__TRY IT__
Your answer should be one number: the count of lines below that contain "ezdxf".

__RECORDS TO USE__
========================
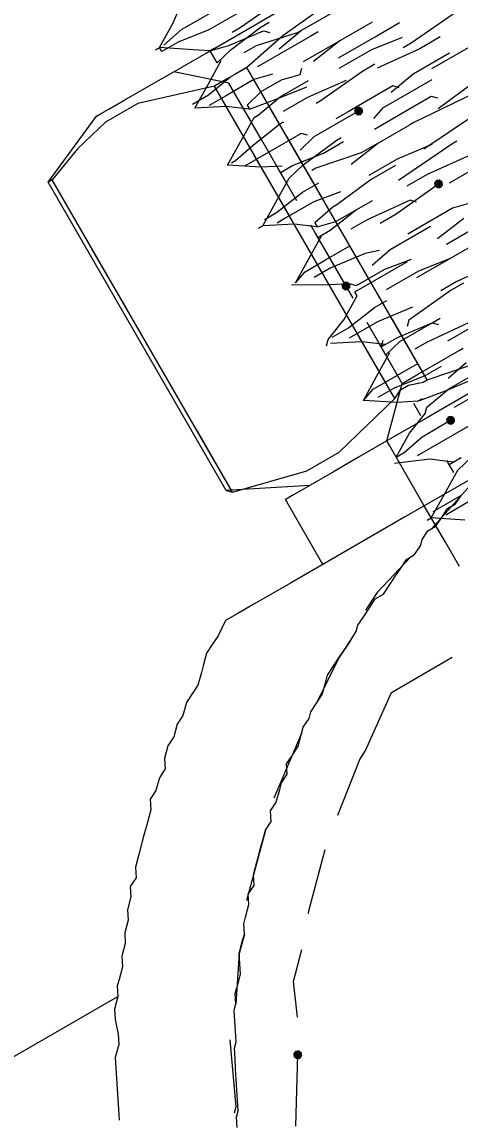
# Model space of a CAD drawing. Header units: millimetres. Extents: x 89051 to 218395, y -330386 to -125649.
# Drawn here: x 90733.08 to 90744.4, y -134135.58 to -134107.21 of the extents above; entities that cross this region are included whole.
import ezdxf

# ---------------------------------------------------------------- set-up
doc = ezdxf.new("R2010")
doc.units = ezdxf.units.MM
doc.header["$LTSCALE"] = 13
for name, pattern in [('1 实线', [0]), ('ACAD_ISO03W100', [1.18, 0.47, -0.71]), ('CENTER', [50.8, 31.75, -6.35, 6.35, -6.35])]:
    doc.linetypes.add(name, pattern=pattern)
doc.layers.get('0').update_dxf_attribs({"color": 1, "linetype": 'CENTER'})
doc.layers.add('C00-00-00', color=7, linetype='Continuous')
doc.layers.add('粗实线', color=4, linetype='Continuous')
doc.layers.add('标注、文本', color=3, linetype='Continuous', lineweight=25)
doc.styles.get("Standard").update_dxf_attribs({"font": 'gbenor.shx', "bigfont": 'gbcbig.shx'})
doc.dimstyles.new('1-15', dxfattribs={"dimscale": 20, "dimtxt": 3.5, "dimasz": 2, "dimexe": 1.5, "dimexo": 0.5, "dimgap": 0.5, "dimtad": 1, "dimtoh": 1, "dimdec": 1, "dimdsep": 46, "dimtxsty": 'Standard', "dimcen": 2.5, "dimclrd": 3, "dimclre": 3, "dimclrt": 3, "dimadec": 0, "dimazin": 2, "dimtfac": 1, "dimtdec": 1, "dimtmove": 0, "dimatfit": 2, "dimfxl": 1, "dimarcsym": 0})

# ---------------------------------------------------------------- blocks, each defined once
blk = doc.blocks.new('225635')
at = {"layer": 'C00-00-00'}
h = blk.add_hatch(color=256, dxfattribs=at)
h.dxf.hatch_style = 2
h.paths.add_polyline_path([(72514.043, -125581.299), (72513.957, -125581.334), (72513.922, -125581.42), (72513.957, -125581.505), (72514.043, -125581.541), (72514.128, -125581.505), (72514.163, -125581.42), (72514.128, -125581.334)])
h = blk.add_hatch(color=256, dxfattribs=at)
h.dxf.hatch_style = 2
h.paths.add_polyline_path([(72514.89, -125583.961), (72514.804, -125583.996), (72514.769, -125584.082), (72514.804, -125584.167), (72514.89, -125584.203), (72514.975, -125584.167), (72515.011, -125584.082), (72514.975, -125583.996)])
h = blk.add_hatch(color=256, dxfattribs=at)
h.dxf.hatch_style = 2
h.paths.add_polyline_path([(72511.501, -125585.05), (72511.416, -125585.085), (72511.38, -125585.171), (72511.416, -125585.256), (72511.501, -125585.292), (72511.587, -125585.256), (72511.622, -125585.171), (72511.587, -125585.085)])
h = blk.add_hatch(color=256, dxfattribs=at)
h.dxf.hatch_style = 2
h.paths.add_polyline_path([(72512.106, -125589.406), (72512.021, -125589.442), (72511.985, -125589.527), (72512.021, -125589.613), (72512.106, -125589.648), (72512.192, -125589.613), (72512.227, -125589.527), (72512.192, -125589.442)])
h = blk.add_hatch(color=256, dxfattribs=at)
h.dxf.hatch_style = 2
h.paths.add_polyline_path([(72500.49, -125601.628), (72500.404, -125601.663), (72500.369, -125601.749), (72500.404, -125601.834), (72500.49, -125601.87), (72500.575, -125601.834), (72500.611, -125601.749), (72500.575, -125601.663)])
at = {"layer": 'C00-00-00', "lineweight": 15}
for points in [[(72510.412, -125577.426), (72511.017, -125577.063), (72511.501, -125576.7)], [(72510.291, -125577.426), (72510.412, -125577.426)], [(72511.501, -125578.152), (72511.138, -125577.91), (72510.412, -125577.426)], [(72521.787, -125578.152), (72521.061, -125578.031), (72519.851, -125578.031), (72518.399, -125577.91), (72516.947, -125577.91), (72515.374, -125577.789), (72514.043, -125577.789), (72512.711, -125577.668), (72511.743, -125577.668), (72510.896, -125577.547), (72510.412, -125577.547), (72510.412, -125577.426)], [(72510.533, -125577.426), (72511.138, -125577.305)], [(72511.138, -125577.305), (72511.985, -125577.305)], [(72512.469, -125578.031), (72512.227, -125578.031)], [(72513.8, -125577.91), (72512.469, -125578.031)], [(72506.177, -125578.999), (72508.113, -125578.152)], [(72508.113, -125578.152), (72508.234, -125578.152), (72508.476, -125578.152), (72508.96, -125578.152), (72509.686, -125578.152), (72510.412, -125578.152), (72511.38, -125578.152), (72512.469, -125578.152), (72513.679, -125578.152), (72515.011, -125578.152), (72516.342, -125578.152), (72517.552, -125578.152), (72518.883, -125578.152), (72520.214, -125578.152), (72521.424, -125578.152), (72522.513, -125578.152), (72523.481, -125578.152), (72524.207, -125578.152), (72524.933, -125578.152), (72525.417, -125578.152), (72525.659, -125578.152), (72525.78, -125578.152)], [(72511.501, -125579.12), (72510.412, -125578.152)], [(72511.622, -125578.152), (72511.501, -125578.152)], [(72511.501, -125578.152), (72511.985, -125578.273)], [(72511.622, -125578.152), (72511.501, -125578.152)], [(72511.501, -125578.515), (72511.501, -125578.152)], [(72511.985, -125578.273), (72512.953, -125578.394)], [(72511.985, -125578.394), (72512.953, -125578.273)], [(72512.953, -125578.273), (72513.195, -125578.273)], [(72511.138, -125578.999), (72509.202, -125578.394), (72508.234, -125578.394), (72507.266, -125578.636), (72506.298, -125578.999)], [(72511.017, -125578.878), (72511.622, -125578.515)], [(72511.501, -125578.515), (72511.985, -125578.394)], [(72521.787, -125578.999), (72520.698, -125578.757), (72517.068, -125578.394), (72513.316, -125578.757), (72512.106, -125578.999)], [(72512.953, -125578.394), (72513.074, -125578.515)], [(72510.412, -125579.241), (72511.017, -125578.878)], [(72512.59, -125578.636), (72512.227, -125578.636)], [(72513.679, -125578.878), (72512.59, -125578.636)], [(72513.074, -125578.999), (72513.8, -125578.878)], [(72514.043, -125578.878), (72513.679, -125578.878)], [(72513.8, -125578.878), (72514.89, -125578.878)], [(72506.177, -125588.196), (72506.177, -125578.999)], [(72506.298, -125578.999), (72506.177, -125578.999)], [(72506.298, -125580.21), (72506.298, -125578.999)], [(72506.298, -125588.317), (72506.298, -125578.999)], [(72510.412, -125579.12), (72510.896, -125579.12)], [(72510.896, -125579.12), (72511.622, -125578.999)], [(72511.138, -125580.21), (72511.138, -125578.999)], [(72512.106, -125578.999), (72511.743, -125578.999), (72511.501, -125578.999), (72511.138, -125578.999)], [(72511.138, -125588.317), (72511.138, -125578.999)], [(72511.501, -125580.815), (72511.501, -125579.12)], [(72511.622, -125578.999), (72512.106, -125578.999)], [(72512.106, -125580.21), (72512.106, -125578.999)], [(72512.106, -125588.317), (72512.106, -125578.999)], [(72512.469, -125579.12), (72512.348, -125579.12)], [(72513.195, -125579.12), (72512.469, -125579.12)], [(72513.922, -125579.12), (72513.195, -125579.12)], [(72514.164, -125579.12), (72513.922, -125579.12)], [(72511.138, -125579.605), (72510.412, -125579.241)], [(72511.259, -125579.363), (72510.775, -125579.363)], [(72512.106, -125579.363), (72511.259, -125579.363)], [(72512.59, -125579.484), (72512.106, -125579.363)], [(72511.622, -125579.968), (72511.138, -125579.605)], [(72512.106, -125579.726), (72511.622, -125579.847)], [(72512.711, -125579.726), (72512.106, -125579.726)], [(72513.195, -125579.847), (72512.711, -125579.726)], [(72513.316, -125579.726), (72513.195, -125579.847)], [(72514.527, -125579.605), (72513.437, -125579.605)], [(72514.527, -125579.605), (72513.679, -125579.726)], [(72515.253, -125579.605), (72514.527, -125579.605)], [(72515.495, -125579.605), (72514.527, -125579.605)], [(72511.501, -125580.21), (72511.501, -125579.847)], [(72511.622, -125579.847), (72511.622, -125579.968)], [(72511.622, -125579.968), (72512.348, -125580.089)], [(72514.285, -125579.968), (72515.374, -125579.968)], [(72515.374, -125579.968), (72516.1, -125579.968)], [(72506.298, -125580.815), (72506.298, -125580.21)], [(72511.017, -125580.573), (72511.622, -125580.21)], [(72511.138, -125580.815), (72511.138, -125580.21)], [(72511.622, -125580.21), (72511.743, -125580.21)], [(72511.743, -125580.21), (72512.469, -125580.089)], [(72512.106, -125580.815), (72512.106, -125580.21)], [(72512.348, -125580.089), (72513.195, -125580.21)], [(72512.469, -125580.089), (72513.316, -125580.089)], [(72514.164, -125580.21), (72515.132, -125580.21)], [(72515.132, -125580.21), (72515.979, -125580.331)], [(72510.412, -125580.936), (72511.017, -125580.573)], [(72513.074, -125580.452), (72512.348, -125580.452)], [(72514.164, -125580.573), (72513.074, -125580.452)], [(72513.316, -125580.694), (72514.648, -125580.573)], [(72514.648, -125580.573), (72515.011, -125580.573)], [(72515.858, -125580.573), (72516.1, -125580.573)], [(72516.1, -125580.573), (72517.552, -125580.452)], [(72510.654, -125580.936), (72511.259, -125580.815)], [(72511.259, -125580.815), (72512.106, -125580.694)], [(72511.501, -125582.63), (72511.501, -125580.815)], [(72512.106, -125580.694), (72512.227, -125580.694)], [(72513.195, -125580.694), (72513.316, -125580.694)], [(72516.221, -125580.815), (72515.011, -125580.694)], [(72516.826, -125580.815), (72516.221, -125580.815)], [(72506.298, -125582.872), (72506.298, -125581.057)], [(72511.138, -125581.42), (72510.412, -125580.936)], [(72510.533, -125580.936), (72510.654, -125580.936)], [(72511.138, -125582.872), (72511.138, -125581.057)], [(72512.106, -125582.872), (72512.106, -125581.057)], [(72511.501, -125581.178), (72510.775, -125581.178)], [(72511.622, -125581.662), (72511.138, -125581.42)], [(72512.469, -125581.178), (72511.501, -125581.178)], [(72512.711, -125581.42), (72512.227, -125581.541)], [(72512.59, -125581.299), (72512.469, -125581.178)], [(72514.043, -125581.42), (72512.711, -125581.42)], [(72513.8, -125581.299), (72513.437, -125581.299)], [(72515.132, -125581.299), (72513.8, -125581.299)], [(72515.737, -125581.299), (72515.011, -125581.42)], [(72515.253, -125581.42), (72515.132, -125581.299)], [(72516.826, -125581.299), (72515.737, -125581.299)], [(72516.584, -125581.42), (72516.221, -125581.42)], [(72518.036, -125581.42), (72516.584, -125581.42)], [(72511.501, -125582.025), (72511.501, -125581.662)], [(72514.285, -125581.783), (72514.648, -125581.662)], [(72514.648, -125581.662), (72516.1, -125581.662)], [(72511.501, -125581.783), (72511.864, -125581.783)], [(72511.622, -125582.025), (72512.106, -125581.904)], [(72511.864, -125581.783), (72512.711, -125581.904)], [(72512.106, -125581.904), (72513.195, -125581.783)], [(72512.711, -125581.904), (72513.316, -125581.904)], [(72513.195, -125581.783), (72513.316, -125581.783)], [(72511.017, -125582.388), (72511.622, -125582.025)], [(72512.348, -125582.146), (72512.227, -125582.146)], [(72513.558, -125582.388), (72512.348, -125582.146)], [(72514.164, -125582.025), (72515.858, -125582.025)], [(72515.858, -125582.025), (72515.979, -125582.146)], [(72515.858, -125582.388), (72516.947, -125582.267)], [(72510.412, -125582.751), (72511.017, -125582.388)], [(72510.896, -125582.63), (72511.743, -125582.509)], [(72511.743, -125582.509), (72512.227, -125582.509)], [(72513.195, -125582.509), (72514.043, -125582.388)], [(72514.043, -125582.388), (72513.558, -125582.388)], [(72514.043, -125582.388), (72515.011, -125582.388)], [(72515.132, -125582.388), (72515.011, -125582.388)], [(72516.826, -125582.509), (72515.132, -125582.388)], [(72510.291, -125582.751), (72510.412, -125582.751)], [(72511.138, -125583.114), (72510.412, -125582.751)], [(72510.533, -125582.63), (72510.896, -125582.63)], [(72511.017, -125582.872), (72510.775, -125582.872)], [(72511.864, -125582.872), (72511.017, -125582.872)], [(72511.622, -125583.477), (72511.138, -125583.114)], [(72512.59, -125582.993), (72511.864, -125582.872)], [(72513.437, -125583.114), (72512.348, -125583.235)], [(72514.285, -125582.993), (72513.437, -125582.993)], [(72514.164, -125583.114), (72513.437, -125583.114)], [(72515.253, -125583.114), (72514.285, -125582.993)], [(72516.826, -125582.993), (72515.011, -125583.114)], [(72511.501, -125583.719), (72511.501, -125583.356)], [(72512.227, -125583.235), (72511.622, -125583.356)], [(72511.622, -125583.356), (72511.622, -125583.477)], [(72512.348, -125583.235), (72512.227, -125583.235)], [(72514.043, -125583.477), (72515.737, -125583.356)], [(72515.737, -125583.356), (72515.858, -125583.356)], [(72511.501, -125585.413), (72511.501, -125583.598)], [(72511.622, -125583.477), (72512.106, -125583.598)], [(72511.864, -125583.719), (72512.711, -125583.598)], [(72512.106, -125583.598), (72513.195, -125583.598)], [(72512.711, -125583.598), (72513.195, -125583.598)], [(72506.298, -125585.655), (72506.298, -125583.84)], [(72511.017, -125584.082), (72511.622, -125583.719)], [(72511.138, -125585.655), (72511.138, -125583.84)], [(72511.501, -125583.84), (72511.501, -125583.719)], [(72511.501, -125583.719), (72511.864, -125583.719)], [(72512.106, -125585.655), (72512.106, -125583.84)], [(72512.832, -125583.961), (72512.348, -125583.961)], [(72514.043, -125584.082), (72512.832, -125583.961)], [(72514.164, -125583.719), (72514.769, -125583.719)], [(72514.769, -125583.719), (72515.979, -125583.84)], [(72510.412, -125584.445), (72511.017, -125584.082)], [(72513.074, -125584.203), (72513.558, -125584.203)], [(72513.558, -125584.203), (72514.89, -125584.082)], [(72514.164, -125584.203), (72514.043, -125584.082)], [(72515.858, -125584.203), (72515.132, -125584.203)], [(72511.138, -125584.929), (72510.291, -125584.445)], [(72510.412, -125584.445), (72510.775, -125584.324)], [(72510.775, -125584.324), (72511.38, -125584.324)], [(72511.38, -125584.324), (72512.106, -125584.324)], [(72511.38, -125584.566), (72510.896, -125584.566)], [(72512.348, -125584.687), (72511.38, -125584.566)], [(72512.711, -125584.808), (72512.348, -125584.687)], [(72514.89, -125584.808), (72513.558, -125584.808)], [(72515.374, -125584.929), (72514.89, -125584.808)], [(72511.622, -125585.171), (72511.138, -125584.929)], [(72512.953, -125584.929), (72512.348, -125585.05)], [(72514.164, -125584.929), (72512.953, -125584.929)], [(72511.501, -125585.534), (72511.501, -125585.171)], [(72511.622, -125585.171), (72511.743, -125585.292)], [(72511.743, -125585.292), (72512.59, -125585.292)], [(72512.59, -125585.292), (72513.316, -125585.413)], [(72514.164, -125585.292), (72515.011, -125585.171)], [(72511.017, -125585.897), (72511.622, -125585.534)], [(72511.622, -125585.534), (72511.622, -125585.413)], [(72511.622, -125585.413), (72512.227, -125585.413)], [(72512.227, -125585.413), (72513.195, -125585.413)], [(72514.285, -125585.534), (72515.495, -125585.534)], [(72510.412, -125586.139), (72511.017, -125585.897)], [(72513.316, -125585.776), (72512.348, -125585.776)], [(72513.195, -125585.897), (72514.285, -125585.897)], [(72514.164, -125585.897), (72513.316, -125585.776)], [(72514.285, -125585.897), (72515.011, -125585.897)], [(72510.291, -125586.26), (72510.412, -125586.139)], [(72511.138, -125586.623), (72510.412, -125586.26)], [(72510.533, -125586.139), (72511.017, -125586.139)], [(72511.017, -125586.139), (72511.864, -125586.018)], [(72511.501, -125588.075), (72511.501, -125586.26)], [(72511.864, -125586.018), (72512.227, -125586.018)], [(72506.298, -125588.317), (72506.298, -125586.502)], [(72511.743, -125586.381), (72510.896, -125586.381)], [(72511.138, -125588.317), (72511.138, -125586.502)], [(72512.711, -125586.502), (72511.743, -125586.381)], [(72512.106, -125588.317), (72512.106, -125586.502)], [(72514.043, -125586.502), (72513.558, -125586.502)], [(72515.374, -125586.623), (72514.043, -125586.502)], [(72511.622, -125586.986), (72511.138, -125586.623)], [(72512.469, -125586.744), (72512.348, -125586.865)], [(72513.8, -125586.623), (72512.469, -125586.744)], [(72514.164, -125586.623), (72513.8, -125586.623)], [(72511.622, -125586.865), (72511.501, -125586.986)], [(72511.501, -125587.228), (72511.501, -125586.865)], [(72511.501, -125586.986), (72511.985, -125586.986)], [(72511.501, -125587.228), (72511.985, -125587.107)], [(72511.985, -125586.986), (72512.953, -125587.107)], [(72511.985, -125587.107), (72512.953, -125587.107)], [(72512.953, -125587.107), (72513.074, -125587.228)], [(72512.953, -125587.107), (72513.195, -125587.107)], [(72511.017, -125587.591), (72511.622, -125587.228)], [(72510.412, -125587.954), (72511.017, -125587.591)], [(72512.59, -125587.47), (72512.227, -125587.47)], [(72513.922, -125587.591), (72512.59, -125587.47)], [(72510.412, -125587.954), (72510.775, -125587.833)], [(72511.138, -125588.438), (72510.412, -125587.954)], [(72510.775, -125587.833), (72511.501, -125587.833)], [(72511.501, -125587.833), (72512.106, -125587.833)], [(72513.074, -125587.712), (72513.8, -125587.712)], [(72508.113, -125589.164), (72506.177, -125588.196)], [(72506.177, -125588.196), (72506.298, -125588.317)], [(72510.412, -125589.164), (72511.501, -125588.075)], [(72511.259, -125588.075), (72510.775, -125588.075)], [(72511.138, -125588.317), (72511.38, -125588.196), (72511.622, -125588.196), (72511.985, -125588.317), (72512.106, -125588.317)], [(72512.106, -125588.196), (72511.259, -125588.075)], [(72511.501, -125588.075), (72511.622, -125588.075)], [(72511.501, -125588.075), (72511.622, -125588.075)], [(72511.622, -125588.075), (72511.985, -125588.075)], [(72511.985, -125588.075), (72512.469, -125588.075)], [(72512.59, -125588.196), (72512.106, -125588.196)], [(72512.469, -125588.075), (72513.195, -125588.075)], [(72513.195, -125588.075), (72513.316, -125588.075)], [(72506.298, -125588.317), (72508.234, -125588.801), (72509.202, -125588.801), (72510.17, -125588.559), (72511.138, -125588.317)], [(72511.622, -125588.68), (72511.138, -125588.438)], [(72512.106, -125588.317), (72513.316, -125588.559), (72516.947, -125588.801), (72520.698, -125588.559), (72521.787, -125588.317)], [(72513.195, -125588.438), (72512.59, -125588.559)], [(72511.501, -125589.043), (72511.501, -125588.68)], [(72511.743, -125588.68), (72511.622, -125588.68)], [(72511.622, -125588.68), (72512.348, -125588.801)], [(72511.743, -125588.922), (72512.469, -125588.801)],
========================
__RESULT__
3